In the last years leading up to the outbreak of the Second World War an increase in interest in the emigration issue could be detected on the scientific level. The efforts of Dr. Ivan Tomšič, professor of international law and diplomatic history at the Law Faculty of the University of Ljubljana, deserve mention. In 1937 he established the Institute for International Public Law, within which minority and emigration departments operated. He even conceived the establishment of a multidisciplinary institute to study all aspects of Slovenes, Croats, and Serbs abroad, collect professional literature, statistical data and all other material, publish scientific monographs on the issue of emigration in Slovene and foreign languages, and engage in other activities. Unfortunately, the war interrupted these plans.
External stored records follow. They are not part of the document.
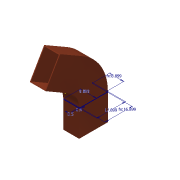
# Autodesk Inventor part: curved waveguide120
Saved by Autodesk Inventor 2015 (Build 190159000, 159)
## iProperties
Created: 2014-05-19
Part Number: curved waveguide120
Material: Generic
Document SubType Name: Modeling
Designer: jad211
Density: 1 g/cm^3
Appearance: Copper - Satin
Author: jad211
Autodesk Inventor part; units mm, degrees
ref_plane "YZ Plane" through (0, 0, 0) normal (1, 0, 0) x (0, 1, 0)
ref_plane "XZ Plane" through (0, 0, 0) normal (0, 1, 0) x (-1, 0, 0)
ref_plane "XY Plane" through (0, 0, 0) normal (0, 0, 1) x (1, 0, 0)
sketch "Sketch1" plane through (0, 0, 0) normal (0, 1, 0) x (-1, 0, 0)
  line L0 (0, 0) -> (9.899, 0)
  line L1 (9.899, 0) -> (9.899, -17.899)
  line L2 (9.899, -17.899) -> (0, -17.899)
  line L3 (0, -17.899) -> (0, 0)
  line L4 (0.5, -0.5) -> (9.399, -0.5)
  line L5 (9.399, -0.5) -> (9.399, -17.399)
  line L6 (9.399, -17.399) -> (0.5, -17.399)
  line L7 (0.5, -17.399) -> (0.5, -0.5)
  dimension "d0" = 9.899
  dimension "d1" = 17.899
  dimension "d2" = 16.899
  dimension "d3" = 8.899
  dimension "d4" = 0.5
  dimension "d5" = 0.5
  constraints: 16 end point, 4 parallel, 2 horizontal, 2 perpendicular
  measures "d0" distance of L0.start L0.end
  measures "d1" distance of L0.end L1.end
  measures "d2" distance of L4.end L5.end
  measures "d3" distance of L5.end L6.end
  measures "d4" distance between parallel lines of L7 L3
  measures "d5" distance between parallel lines of L0 L4
sketch "Sketch3" plane through (0, 0, 0) normal (1, 0, 0) x (0, 1, 0)
  arc A0 (0, 0) -> (11.2583, 6.5) centre (0, 13) ccw
  line L0 (0, 13) -> (11.2583, 6.5) construction
  line L1 (0, 13) -> (0, 0) construction
  dimension "d6" = 60
  dimension "d7" = 13
  constraints: 4 end point, 2 point on circle, 1 centre point
  measures "d6" angle of L1 L0
  measures "d7" distance of L1.end L0.start
sweep "Sweep1" add profiles "Sketch1" path "Sketch3"
extrude "Extrusion1" add sketch "Sketch1" against normal blind 16.55
ref_plane "Work Plane1" through (-9.899, 11.2583, 6.5) normal (0, 0.5, 0.866) x (1, 0, 0)
sketch "Sketch4" plane through (-9.899, 11.2583, 6.5) normal (0, 0.5, 0.866) x (1, 0, 0)
  line L0 (0, 0) -> (9.899, 0)
  line L1 (0, 0) -> (0, 17.899)
  line L2 (0, 17.899) -> (9.899, 17.899)
  line L3 (9.899, 17.899) -> (9.899, 0)
  line L4 (0.5, 17.399) -> (9.399, 17.399)
  line L5 (9.399, 17.399) -> (9.399, 0.5)
  line L6 (9.399, 0.5) -> (0.5, 0.5)
  line L7 (9.399, 0.5) -> (0.5, 0.5) projected
  line L8 (0.5, 0.5) -> (0.5, 17.399)
  constraints: 16 end point, 4 perpendicular, 2 horizontal, 1 collinear, 1 vertical
extrude "Extrusion2" add sketch "Sketch4" along normal blind 16.55
body "Solid1"
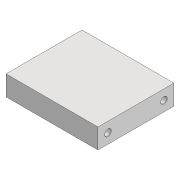
# Autodesk Inventor part: Стенкка для ковнейера
Saved by Autodesk Inventor 2022 (Build 260153000, 153)
## iProperties
Created: 2023-02-18
Part Number: Стенкка для ковнейера
Material: Типовые
Document SubType Name: Modeling
Designer: Глеб
Density: 1 g/cm^3
Appearance: По умолчанию
Author: Глеб
Autodesk Inventor part; units mm, degrees
ref_plane "YZ Plane" through (0, 0, 0) normal (1, 0, 0) x (0, 1, 0)
ref_plane "XZ Plane" through (0, 0, 0) normal (0, 1, 0) x (-1, 0, 0)
ref_plane "XY Plane" through (0, 0, 0) normal (0, 0, 1) x (1, 0, 0)
sketch "Эскиз1" plane through (0, 0, 0) normal (1, 0, 0) x (0, 1, 0)
  line L0 (0, 19) -> (10, 19)
  line L1 (10, 19) -> (10, -19)
  line L2 (10, -19) -> (0, -19)
  line L3 (0, -19) -> (0, 19)
  line L4 (-2, 0) -> (12, 0) construction
  line L5 (0, -26.6) -> (0, 26.6) construction
  point P0 (0, 0)
  dimension "d0" = 10
  dimension "d1" = 38
  constraints: 8 end point, 2 parallel, 1 horizontal, 1 perpendicular, 1 other
  measures "d0" distance of L1.end L2.end
  measures "d1" distance of L0.end L1.end
extrude "Выдавливание1" add sketch "Эскиз1" along normal blind 46
sketch "Эскиз2" plane through (46, 0, 0) normal (1, 0, 0) x (0, 0, -1)
  line L0 (19, 10) -> (-19, 10) projected
  line L1 (-19, 10) -> (-19, 0) projected
  line L2 (19, 0) -> (19, 10) projected
  line L3 (0, -2) -> (0, 12) construction
  point P0 (0, 0)
  point P1 (-14, 5)
  point P2 (14, 5)
  dimension "d4" = 5
  dimension "d5" = 5
  dimension "d6" = 5
  measures "d4" distance from line of L0 point (-14, 5)
  measures "d5" distance from line of L1 point (-14, 5)
  measures "d6" distance from line of point (14, 5) L2
hole "Отверстие1" at (46, 5, 14) at (46, 5, -14) direction (-1, 0, 0) diameter 3 depth 60
chamfer "Фаска1" distance 0.2 angle 45 4 edges at (46, 5, -12.5) (46, 5, 15.5) (0, 5, -12.5) (0, 5, 15.5)
equation "\"d6\" = d5"

Until the outbreak of the Second World War we can note interest in studying emigration (particularly during the time of the mass exodus to the USA) and the life and work of Slovenes in the new environment. Greatest attention was directed towards American Slovenes. Of Written work the most numerous was of a journalistic nature (independent publications, articles in newspapers and professional journals, etc.), while after 1919 (the year in which the University of Ljubljana was founded) the number of scientific analyses penned by geographers, jurists, historians, ethnologists and others increased. However, the great desire for a study in monograph form of the history of American Slovenes remained unfulfilled an idea awoken at the beginning of the 1960s and yet to be realized today.